US 12,149,773 B2
Voice-based scene selection for video content on a computing device
Matthew Sharifi, Kilchberg (CH); and Victor Carbune, Zurich (CH)
Assigned to GOOGLE LLC, Mountain View, CA (US)
Filed by GOOGLE LLC, Mountain View, CA (US)
Filed on Sep. 2, 2022, as Appl. No. 17/902,601.
Claims priority of provisional application 63/399,921, filed on Aug. 22, 2022.
Prior Publication US 2024/0064363 A1, Feb. 22, 2024
Int. Cl. G10L 25/57 (2013.01); G06V 20/40 (2022.01); G10L 15/22 (2006.01); H04N 21/422 (2011.01); H04N 21/472 (2011.01)

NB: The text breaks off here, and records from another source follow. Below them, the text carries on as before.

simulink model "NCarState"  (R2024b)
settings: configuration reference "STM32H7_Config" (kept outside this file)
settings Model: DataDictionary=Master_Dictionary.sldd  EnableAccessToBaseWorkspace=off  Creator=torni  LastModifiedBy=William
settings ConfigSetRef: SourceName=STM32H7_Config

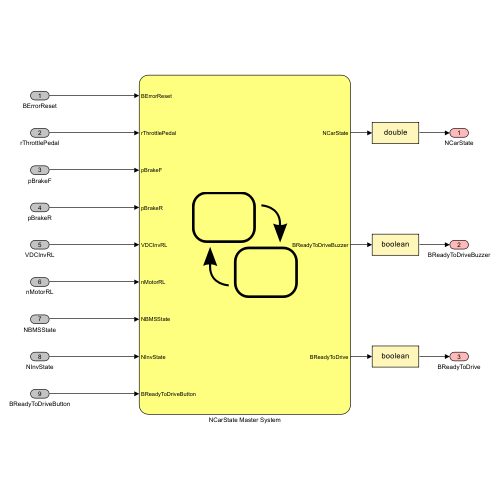
[thumbnail: Simulink's stored preview of the top-level diagram]
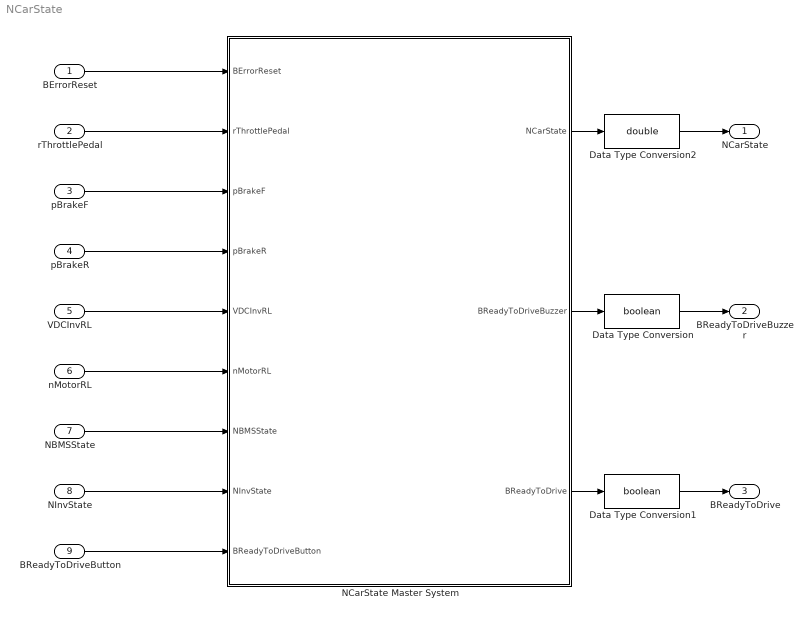
== system NCarState ==
  "BErrorReset " : Inport  OutDataTypeStr=boolean
  "rThrottlePedal " : Inport  Port=2  OutDataTypeStr=double
  "pBrakeF " : Inport  Port=3  OutDataTypeStr=double
  "pBrakeR " : Inport  Port=4  OutDataTypeStr=double
  VDCInvRL : Inport  Port=5  OutDataTypeStr=double
  "nMotorRL " : Inport  Port=6  OutDataTypeStr=double
  NBMSState : Inport  Port=7  OutDataTypeStr=double
  NInvState : Inport  Port=8  OutDataTypeStr=double
  BReadyToDriveButton : Inport  Port=9  OutDataTypeStr=boolean
  Data Type Conversion : DataTypeConversion  OutDataTypeStr=boolean  SaturateOnIntegerOverflow=off  RndMeth=Floor
  Data Type Conversion1 : DataTypeConversion  OutDataTypeStr=boolean  SaturateOnIntegerOverflow=off  RndMeth=Floor
  Data Type Conversion2 : DataTypeConversion  OutDataTypeStr=double  SaturateOnIntegerOverflow=off  RndMeth=Floor
  NCarState Master System : Stateflow chart  TreatAsAtomicUnit=on
  NCarState : Outport  OutDataTypeStr=double  VectorParamsAs1DForOutWhenUnconnected=off
  BReadyToDriveBuzzer : Outport  Port=2  OutDataTypeStr=boolean  VectorParamsAs1DForOutWhenUnconnected=off
  BReadyToDrive : Outport  Port=3  OutDataTypeStr=boolean  VectorParamsAs1DForOutWhenUnconnected=off
  wires:
  "nMotorRL "/1 -> NCarState Master System/6(nMotorRL)
  "BErrorReset "/1 -> NCarState Master System/1(BErrorReset)
  "rThrottlePedal "/1 -> NCarState Master System/2(rThrottlePedal)
  "pBrakeR "/1 -> NCarState Master System/4(pBrakeR)
  VDCInvRL/1 -> NCarState Master System/5(VDCInvRL)
  "pBrakeF "/1 -> NCarState Master System/3(pBrakeF)
  NBMSState/1 -> NCarState Master System/7(NBMSState)
  NInvState/1 -> NCarState Master System/8(NInvState)
  NCarState Master System/1(NCarState) -> Data Type Conversion2/1
  NCarState Master System/2(BReadyToDriveBuzzer) -> Data Type Conversion/1
  NCarState Master System/3(BReadyToDrive) -> Data Type Conversion1/1
  Data Type Conversion/1 -> BReadyToDriveBuzzer/1
  Data Type Conversion1/1 -> BReadyToDrive/1
  BReadyToDriveButton/1 -> NCarState Master System/9(BReadyToDriveButton)
  Data Type Conversion2/1 -> NCarState/1

== stateflow chart NCarState/NCarState Master System ==
  state Car_ON
    entry:
    NCarState=92;
    state ON
      entry:
      BReadyToDrive=1;
    (default) -> ON
  state Car_Idle_1
    entry:
    NCarState=0
  state Status_Check1
    entry:
    NCarState=1;
  note: here is where bmsstate==92 goes
  state BMS_Status_OK
    entry:
    NCarState=2;
  state Ready_To_Drive
    state RTD1
      entry:
      NCarState=6
      BReadyToDriveBuzzer=0
    state RTD_Sound
      entry:
      NCarState=5
      BReadyToDriveBuzzer=1
    RTD_Sound -> RTD1 : after(1500,tick)
    (default) -> RTD_Sound
  state Inv_LV_OK
    entry:
    NCarState=3;
  state Inv_HV_OK
    entry:
    NCarState=4;
  (default) -> Car_Idle_1
  Car_Idle_1 -> Status_Check1 : after(7000, tick)
  Car_ON -> Status_Check1 : [VDCInvRL<60]
  Inv_HV_OK -> Status_Check1 [order 1] : [(BErrorReset==1 &&...
      | nMotorRL<500) ||...
      | (VDCInvRL<60)]
  Ready_To_Drive -> Status_Check1 : [VDCInvRL<60]
  Status_Check1 -> BMS_Status_OK : after(500,tick)
  RTD1 -> Car_ON : [rThrottlePedal<=5]
  BMS_Status_OK -> Inv_LV_OK : [NInvState == 3]
  Inv_LV_OK -> Inv_HV_OK : [NInvState == 92]
  Inv_HV_OK -> Ready_To_Drive [order 2] : [NInvState == 92 &&...
      | rThrottlePedal<=5 &&...
      | BReadyToDriveButton==1 &&...
      | pBrakeF >= 3 &&...
      | pBrakeR >= 3]
  data: BErrorReset input boolean; NCarState output double; rThrottlePedal input double; pBrakeF input double; pBrakeR input double; VDCInvRL input double; nMotorRL input double; BReadyToDriveBuzzer output double; BReadyToDrive output double; NBMSState input double; NInvState input double; BReadyToDriveButton input boolean

CPC H04N 21/42204 (2013.01) [G06V 20/40 (2022.01); G10L 15/22 (2013.01); G10L 25/57 (2013.01); H04N 21/42203 (2013.01); H04N 21/472 (2013.01); G06V 2201/10 (2022.01); G10L 2015/223 (2013.01)] 20 Claims
OG exemplary drawing
 
1. A method implemented by one or more processors comprising:
receiving, from a user and via a computing device, a spoken utterance that includes a query;
identifying video content being presented in a vicinity of the user by a media player application when the spoken utterance is received from the user;
accessing scene metadata associated with the identified video content, wherein the scene metadata includes, for each of one or more respective scenes in the identified video content, semantic scene description data describing the respective scene and timestamp data identifying one or more locations in the identified video content corresponding to the respective scene;
determining, based on the query and the scene metadata associated with the identified video content, whether the query in the spoken utterance is a scene playback request directed to the media player application to play a requested scene in the identified video content;
in response to determining that the query in the spoken utterance is a scene playback request, causing a media control command to be issued to the media player application to cause the media player application to seek to a predetermined location in the identified video content corresponding to the requested scene and identified in the timestamp data of the scene metadata for the identified video content; and
in response to determining that the query in the spoken utterance is not a scene playback request directed to the media player application, causing a non-scene playback request operation to be executed for the query included in the spoken utterance.